Annandale North Public School

Strive to Excel

Telephone02 9660 3972

Emailannandalen-p.school@det.nsw.edu.au

Extra curricular activities

Our school incorporates various extra-curricular learning programs for our students.

Learning programs

Debating

Annandale North enters a debating competition against other local schools.

Debating provides an opportunity for students to work cooperatively in a team situation and utilise their leadership skills. The debating squad consists of two teams (negative and affirmative). Debates are held in terms 2 and 3.

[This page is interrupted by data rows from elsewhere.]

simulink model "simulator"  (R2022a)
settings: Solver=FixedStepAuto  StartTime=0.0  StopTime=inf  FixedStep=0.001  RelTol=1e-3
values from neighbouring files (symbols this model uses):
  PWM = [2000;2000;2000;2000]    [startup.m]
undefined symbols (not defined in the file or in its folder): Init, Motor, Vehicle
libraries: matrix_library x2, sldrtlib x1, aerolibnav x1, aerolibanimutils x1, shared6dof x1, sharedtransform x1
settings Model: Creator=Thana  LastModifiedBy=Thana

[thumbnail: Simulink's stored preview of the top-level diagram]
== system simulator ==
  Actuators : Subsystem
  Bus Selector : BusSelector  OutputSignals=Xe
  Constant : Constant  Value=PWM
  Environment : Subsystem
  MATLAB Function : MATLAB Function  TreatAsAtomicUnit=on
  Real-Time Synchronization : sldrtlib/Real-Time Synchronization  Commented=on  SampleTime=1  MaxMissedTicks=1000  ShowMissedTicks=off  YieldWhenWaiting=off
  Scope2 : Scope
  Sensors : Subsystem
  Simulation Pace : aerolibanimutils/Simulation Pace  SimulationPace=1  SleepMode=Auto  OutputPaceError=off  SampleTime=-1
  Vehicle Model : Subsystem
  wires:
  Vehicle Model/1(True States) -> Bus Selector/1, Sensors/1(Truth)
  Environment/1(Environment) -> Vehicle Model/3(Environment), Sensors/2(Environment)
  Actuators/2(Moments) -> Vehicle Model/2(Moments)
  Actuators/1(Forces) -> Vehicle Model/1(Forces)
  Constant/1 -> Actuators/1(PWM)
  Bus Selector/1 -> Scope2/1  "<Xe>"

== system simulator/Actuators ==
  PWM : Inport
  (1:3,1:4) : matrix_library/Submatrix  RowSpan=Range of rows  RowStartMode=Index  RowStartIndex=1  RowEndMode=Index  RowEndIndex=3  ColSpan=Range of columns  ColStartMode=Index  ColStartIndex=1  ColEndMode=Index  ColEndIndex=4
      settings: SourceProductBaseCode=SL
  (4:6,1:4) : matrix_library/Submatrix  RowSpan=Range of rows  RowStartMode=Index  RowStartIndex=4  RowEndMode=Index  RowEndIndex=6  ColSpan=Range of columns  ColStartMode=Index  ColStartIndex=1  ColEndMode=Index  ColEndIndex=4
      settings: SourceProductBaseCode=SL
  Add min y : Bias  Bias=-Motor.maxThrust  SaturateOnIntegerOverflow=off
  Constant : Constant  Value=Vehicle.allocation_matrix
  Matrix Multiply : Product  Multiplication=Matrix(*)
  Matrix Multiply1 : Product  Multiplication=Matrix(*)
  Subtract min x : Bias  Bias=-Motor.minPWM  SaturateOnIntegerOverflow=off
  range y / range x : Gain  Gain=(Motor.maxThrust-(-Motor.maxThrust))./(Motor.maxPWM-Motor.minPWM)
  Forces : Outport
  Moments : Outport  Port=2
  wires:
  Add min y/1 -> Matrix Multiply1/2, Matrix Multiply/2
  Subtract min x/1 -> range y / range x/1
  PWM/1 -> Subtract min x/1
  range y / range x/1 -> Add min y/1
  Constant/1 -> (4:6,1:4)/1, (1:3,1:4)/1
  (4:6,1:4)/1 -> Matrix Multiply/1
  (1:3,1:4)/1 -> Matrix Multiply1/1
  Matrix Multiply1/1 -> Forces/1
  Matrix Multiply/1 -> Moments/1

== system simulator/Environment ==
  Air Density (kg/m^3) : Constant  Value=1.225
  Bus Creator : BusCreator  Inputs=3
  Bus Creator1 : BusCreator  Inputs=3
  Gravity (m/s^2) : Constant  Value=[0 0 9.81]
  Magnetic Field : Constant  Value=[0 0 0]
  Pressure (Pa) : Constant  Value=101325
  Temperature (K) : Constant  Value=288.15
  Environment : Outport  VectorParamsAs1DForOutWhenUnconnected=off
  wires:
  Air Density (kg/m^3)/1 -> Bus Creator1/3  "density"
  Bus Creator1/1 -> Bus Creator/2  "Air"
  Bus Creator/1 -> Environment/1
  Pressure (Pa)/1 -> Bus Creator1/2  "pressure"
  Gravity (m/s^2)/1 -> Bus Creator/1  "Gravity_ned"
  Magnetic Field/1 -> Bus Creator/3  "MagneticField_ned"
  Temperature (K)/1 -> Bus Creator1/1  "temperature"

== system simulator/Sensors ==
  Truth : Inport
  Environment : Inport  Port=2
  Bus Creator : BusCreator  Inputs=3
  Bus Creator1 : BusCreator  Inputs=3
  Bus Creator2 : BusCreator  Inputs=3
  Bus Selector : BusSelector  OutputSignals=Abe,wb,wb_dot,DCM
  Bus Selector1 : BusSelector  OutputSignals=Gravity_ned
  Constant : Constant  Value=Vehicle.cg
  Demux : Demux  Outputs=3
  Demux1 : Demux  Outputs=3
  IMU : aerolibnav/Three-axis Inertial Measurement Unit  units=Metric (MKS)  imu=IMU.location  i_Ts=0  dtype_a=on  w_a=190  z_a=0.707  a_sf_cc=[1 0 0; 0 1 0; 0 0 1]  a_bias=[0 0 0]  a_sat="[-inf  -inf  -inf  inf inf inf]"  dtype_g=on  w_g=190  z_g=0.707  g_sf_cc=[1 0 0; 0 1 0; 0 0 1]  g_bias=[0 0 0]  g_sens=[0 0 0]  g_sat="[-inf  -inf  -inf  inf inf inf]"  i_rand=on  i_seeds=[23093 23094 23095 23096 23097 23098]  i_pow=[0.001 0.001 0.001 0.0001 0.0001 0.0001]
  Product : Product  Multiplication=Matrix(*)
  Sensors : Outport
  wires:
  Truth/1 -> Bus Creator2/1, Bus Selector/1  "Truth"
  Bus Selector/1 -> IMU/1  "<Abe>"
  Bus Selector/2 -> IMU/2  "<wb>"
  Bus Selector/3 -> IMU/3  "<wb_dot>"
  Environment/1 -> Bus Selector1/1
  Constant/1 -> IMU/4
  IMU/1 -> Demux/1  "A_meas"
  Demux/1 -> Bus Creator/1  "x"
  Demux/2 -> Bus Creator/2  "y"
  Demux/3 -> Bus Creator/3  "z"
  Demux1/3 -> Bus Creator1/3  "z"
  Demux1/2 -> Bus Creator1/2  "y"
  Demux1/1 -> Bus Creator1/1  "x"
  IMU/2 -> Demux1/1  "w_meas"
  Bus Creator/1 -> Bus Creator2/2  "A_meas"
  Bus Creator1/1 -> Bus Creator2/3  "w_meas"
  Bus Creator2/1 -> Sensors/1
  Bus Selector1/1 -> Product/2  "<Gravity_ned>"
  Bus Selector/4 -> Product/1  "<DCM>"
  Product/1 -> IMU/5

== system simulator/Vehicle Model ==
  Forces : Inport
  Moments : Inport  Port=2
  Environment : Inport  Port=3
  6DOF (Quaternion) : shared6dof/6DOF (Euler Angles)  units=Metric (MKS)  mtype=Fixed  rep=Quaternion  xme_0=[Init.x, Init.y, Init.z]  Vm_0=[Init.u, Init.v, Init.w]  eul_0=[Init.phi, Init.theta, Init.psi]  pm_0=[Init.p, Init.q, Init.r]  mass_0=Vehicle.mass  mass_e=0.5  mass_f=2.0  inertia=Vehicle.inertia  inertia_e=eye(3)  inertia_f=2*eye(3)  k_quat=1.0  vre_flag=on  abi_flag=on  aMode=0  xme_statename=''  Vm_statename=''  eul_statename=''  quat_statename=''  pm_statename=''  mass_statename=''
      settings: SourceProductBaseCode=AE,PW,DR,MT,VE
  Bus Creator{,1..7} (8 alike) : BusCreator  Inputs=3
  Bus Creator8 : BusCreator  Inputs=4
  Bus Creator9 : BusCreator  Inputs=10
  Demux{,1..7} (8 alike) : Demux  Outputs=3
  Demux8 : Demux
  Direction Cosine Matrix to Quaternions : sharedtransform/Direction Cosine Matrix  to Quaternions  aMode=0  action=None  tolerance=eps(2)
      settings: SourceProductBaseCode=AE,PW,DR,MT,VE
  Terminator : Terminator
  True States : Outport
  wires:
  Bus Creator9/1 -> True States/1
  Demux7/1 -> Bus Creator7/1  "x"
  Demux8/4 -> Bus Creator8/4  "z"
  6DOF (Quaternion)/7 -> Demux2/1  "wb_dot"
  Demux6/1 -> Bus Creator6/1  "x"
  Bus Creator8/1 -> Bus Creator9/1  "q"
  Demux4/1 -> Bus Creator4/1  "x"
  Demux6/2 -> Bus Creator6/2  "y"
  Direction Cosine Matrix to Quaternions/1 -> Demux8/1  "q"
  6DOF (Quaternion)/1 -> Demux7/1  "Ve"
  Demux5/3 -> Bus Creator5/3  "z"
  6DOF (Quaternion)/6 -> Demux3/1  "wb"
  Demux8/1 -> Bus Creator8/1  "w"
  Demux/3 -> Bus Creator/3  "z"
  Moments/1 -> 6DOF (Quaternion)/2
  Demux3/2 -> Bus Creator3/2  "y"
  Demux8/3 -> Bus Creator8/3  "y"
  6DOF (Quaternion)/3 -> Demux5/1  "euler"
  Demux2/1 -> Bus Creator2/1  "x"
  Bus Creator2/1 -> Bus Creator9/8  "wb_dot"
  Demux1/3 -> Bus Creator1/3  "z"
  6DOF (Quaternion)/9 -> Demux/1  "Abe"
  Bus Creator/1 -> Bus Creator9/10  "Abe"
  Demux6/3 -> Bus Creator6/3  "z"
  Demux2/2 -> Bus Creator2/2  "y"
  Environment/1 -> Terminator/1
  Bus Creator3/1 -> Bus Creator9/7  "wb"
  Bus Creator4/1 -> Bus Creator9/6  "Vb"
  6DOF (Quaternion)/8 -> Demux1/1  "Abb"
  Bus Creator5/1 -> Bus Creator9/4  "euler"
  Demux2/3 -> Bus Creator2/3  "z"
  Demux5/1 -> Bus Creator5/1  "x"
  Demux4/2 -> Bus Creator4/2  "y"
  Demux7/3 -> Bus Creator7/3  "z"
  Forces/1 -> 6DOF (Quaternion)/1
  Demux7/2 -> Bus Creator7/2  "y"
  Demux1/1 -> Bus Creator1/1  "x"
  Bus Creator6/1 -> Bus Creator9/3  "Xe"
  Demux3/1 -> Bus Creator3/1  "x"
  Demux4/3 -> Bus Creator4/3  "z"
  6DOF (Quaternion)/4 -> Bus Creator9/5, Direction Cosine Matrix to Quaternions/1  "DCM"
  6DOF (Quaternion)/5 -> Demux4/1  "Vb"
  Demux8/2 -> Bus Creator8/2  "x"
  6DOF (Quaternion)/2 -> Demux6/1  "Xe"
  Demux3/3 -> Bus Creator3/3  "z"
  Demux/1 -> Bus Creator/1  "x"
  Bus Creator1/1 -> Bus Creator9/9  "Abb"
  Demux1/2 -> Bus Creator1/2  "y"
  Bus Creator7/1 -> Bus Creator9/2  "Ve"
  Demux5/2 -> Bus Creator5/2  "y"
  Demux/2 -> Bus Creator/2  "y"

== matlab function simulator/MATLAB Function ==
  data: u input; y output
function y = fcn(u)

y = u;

Each year the school enters students from Kindergarten to Year 2 into range of speaking competitions.

Chess

Weekly afternoon chess lessons are conducted by the chess academy. These lessons are available for students of all ages.

Tournament of Minds

Tournament of Minds is a problem solving program offered to students at Annandale North Public school from years 3-6. The program involves students building up their skills of time management, critical thinking, enterprise, team- work, creativity and performance. Throughout the program students are given a choice of open-ended challenges that fall under the following disciplines: The Arts, STEM (Science, Technology, Engineering and Mathematics), Language Literature and Social Sciences. More information about Tournament of Minds can be found by clicking on this sentence.

Mathematics

The Maths Games (Years 3 and 4) and Maths Olympiad (Years 5 and 6) programs are embedded into Annandale North’s Mathematics curriculum. The programs focus on developing creative and critical thinking in solving mathematical problems. Every year, students are tested in class and teams are selected to participate in the competition whilst other students work on creative problem solving in their maths groups. More information about The Maths Games and Maths Olympiad can be found by clicking on this sentence.

School Lego League

Our school is proud of our involvement in the First Lego League. Every year, teams of up to 10 students build, program and compete with a robot, while also learning about a modern problem in science and engineering and developing solutions for it.  What First Lego League teams accomplish is nothing short of amazing. It’s fun. It’s exciting. And the skills they learn will last a lifetime.

First Lego League is a multi-part competition judged on three important elements:

  • robot

Teams design, build and program a Lego robot to complete a series of challenges. A number of awards are given for robot performance, programming innovation and clever design.

  • project

Every year, teams study the year’s theme and develop solutions to problems they’ve identified in society. Working on the project teaches students to research, think critically, work as a team and speak publicly. The project shows students they have the power to change the world, as teams can share successful ideas with their community, their school, their families, even all of Australia and the world. 

  • core values

Throughout the competition, teams are judged on their adherence to the First Lego League core values, including teamwork, cooperation, and gracious professionalism. Through this celebration of good qualities, First Lego League seeks to make students into better competitors, citizens, problem-solvers and engineers.